The CIRUN web site: http://www.climateneeds.umd.edu/

The GAO Report on Climate and Insurance (http://www.gao.gov/cgi-bin/getrpt?GAO-07-760T): "Many large private insurers are incorporating both near and longer-term elements of climatic change into their risk management practices. On the other hand, for a variety of reasons, the federal insurance programs have done little to develop the kind of information needed to understand the programs' long-term exposure to climate change."

The GAO Report on Federal Land Management (GAO-07-863): "[R]esource managers do not have sufficient site-specific information to plan for and manage the effects of climate change on the federal resources they manage.

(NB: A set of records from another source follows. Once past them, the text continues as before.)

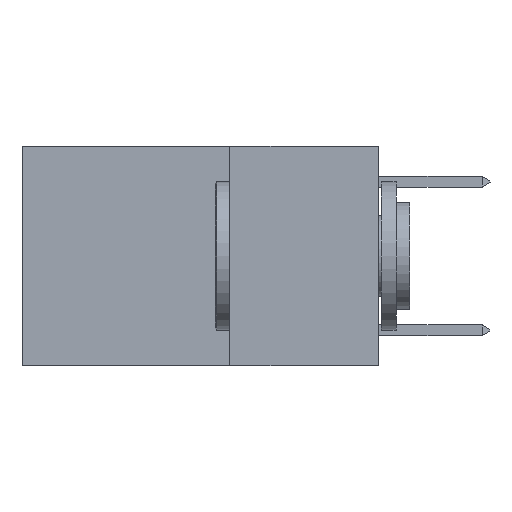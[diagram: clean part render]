
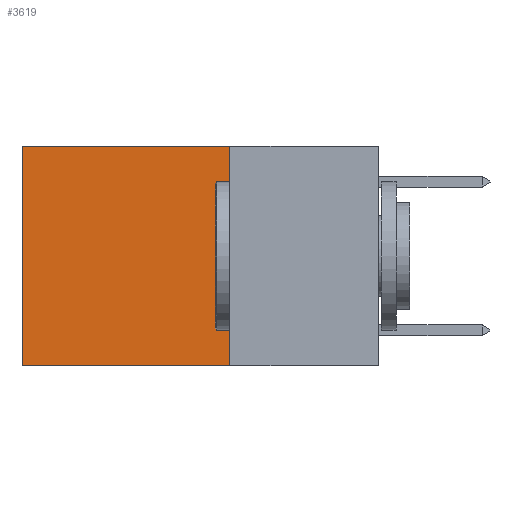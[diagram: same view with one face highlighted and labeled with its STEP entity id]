
A CAD part, left-side view. The second image highlights one B-rep face of the part: STEP entity #3619.
In plain terms, the highlighted planar face has unit normal (-1, 0, 0).
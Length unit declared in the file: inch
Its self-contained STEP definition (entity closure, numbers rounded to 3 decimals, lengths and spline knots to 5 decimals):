
#220 = EDGE_LOOP ( 'NONE', ( #3574, #2957, #5879, #6661 ) ) ;
#449 = DIRECTION ( 'NONE',  ( 0., 1., 0. ) ) ;
#516 = VERTEX_POINT ( 'NONE', #1521 ) ;
#662 = LINE ( 'NONE', #6550, #2809 ) ;
#784 = CARTESIAN_POINT ( 'NONE',  ( 0.2625, 0.25, 0. ) ) ;
#904 = CARTESIAN_POINT ( 'NONE',  ( 0.2625, 0.25, 0. ) ) ;
#1246 = DIRECTION ( 'NONE',  ( 0., 0., -1. ) ) ;
#1521 = CARTESIAN_POINT ( 'NONE',  ( 0.2625, 0.6, 0. ) ) ;
#1778 = VERTEX_POINT ( 'NONE', #8338 ) ;
#2648 = AXIS2_PLACEMENT_3D ( 'NONE', #904, #4334, #5775 ) ;
#2809 = VECTOR ( 'NONE', #449, 39.37008 ) ;
#2957 = ORIENTED_EDGE ( 'NONE', *, *, #5917, .F. ) ;
#3574 = ORIENTED_EDGE ( 'NONE', *, *, #7710, .T. ) ;
#3619 = ADVANCED_FACE ( 'NONE', ( #8048 ), #3674, .F. ) ;
#3674 = PLANE ( 'NONE',  #2648 ) ;
#3980 = CARTESIAN_POINT ( 'NONE',  ( 0.2625, 0.25, 0. ) ) ;
#4003 = CARTESIAN_POINT ( 'NONE',  ( 0.2625, 0.6, 0. ) ) ;
#4109 = LINE ( 'NONE', #4003, #9029 ) ;
#4183 = CARTESIAN_POINT ( 'NONE',  ( 0.2625, 0.25, -0.37 ) ) ;
#4334 = DIRECTION ( 'NONE',  ( 1., 0., 0. ) ) ;
#4356 = LINE ( 'NONE', #784, #6331 ) ;
#4416 = LINE ( 'NONE', #6546, #6390 ) ;
#5775 = DIRECTION ( 'NONE',  ( 0., 0., -1. ) ) ;
#5879 = ORIENTED_EDGE ( 'NONE', *, *, #7285, .F. ) ;
#5917 = EDGE_CURVE ( 'NONE', #7360, #1778, #662, .T. ) ;
#6331 = VECTOR ( 'NONE', #6963, 39.37008 ) ;
#6390 = VECTOR ( 'NONE', #6572, 39.37008 ) ;
#6546 = CARTESIAN_POINT ( 'NONE',  ( 0.2625, 0.25, 0. ) ) ;
#6550 = CARTESIAN_POINT ( 'NONE',  ( 0.2625, 0.25, -0.37 ) ) ;
#6572 = DIRECTION ( 'NONE',  ( 0., 1., 0. ) ) ;
#6661 = ORIENTED_EDGE ( 'NONE', *, *, #8753, .T. ) ;
#6963 = DIRECTION ( 'NONE',  ( 0., 0., -1. ) ) ;
#7151 = VERTEX_POINT ( 'NONE', #3980 ) ;
#7285 = EDGE_CURVE ( 'NONE', #7151, #7360, #4356, .T. ) ;
#7360 = VERTEX_POINT ( 'NONE', #4183 ) ;
#7710 = EDGE_CURVE ( 'NONE', #516, #1778, #4109, .T. ) ;
#8048 = FACE_OUTER_BOUND ( 'NONE', #220, .T. ) ;
#8338 = CARTESIAN_POINT ( 'NONE',  ( 0.2625, 0.6, -0.37 ) ) ;
#8753 = EDGE_CURVE ( 'NONE', #7151, #516, #4416, .T. ) ;
#9029 = VECTOR ( 'NONE', #1246, 39.37008 ) ;

In particular, the managers lack computational models for local projections of expected changes and detailed inventories and monitoring systems for an adequate baseline understanding of existing local species. Without such information, managers are limited to reacting to already-observed climate change effects on their units, which makes it difficult to plan for future changes."

The 2007 National Research Council report on the U.S. Climate Change Science Program (http://books.nap.edu/catalog.php?record_id=10635):

"…[P]rogress in synthesizing research results or supporting decision making and risk management has been inadequate. …Although the temperature trends assessment (CCSP, 2006b) was influential in the 2007 report of the Intergovernmental Panel on Climate Change, 19 other CCSP synthesis and assessment products scheduled to be released by now are still in the production stage. Also, only a few small programs (e.g., Regional Integrated Sciences and Assessments program, Decision Making Under Uncertainty centers) have been initiated to identify and engage decision makers.

"Progress in understanding and predicting climate change has improved more at global, continental, and ocean basin scales than at regional and local scales. Information at regional and local scales is most relevant for state and local resource managers and policy makers, as well as for the general population, but progress on these smaller spatial scales has been inadequate.

"Improving understanding of regional-scale climate processes and their impacts in North America, for example, would require improved integrated modeling, regional-scale observations, and the development of scenarios of climate change and impacts.

"Our understanding of the impact of climate changes on human well-being and vulnerabilities is much less developed than our understanding of the natural climate system. Progress in human dimensions research has lagged progress in natural climate science, and the two fields have not yet been integrated in a way that would allow the potential societal impacts of climate change and management responses to be addressed. This disparity in progress likely reflects the inability of the CCSP to support a consistent and cogent research agenda as recommended in previous studies."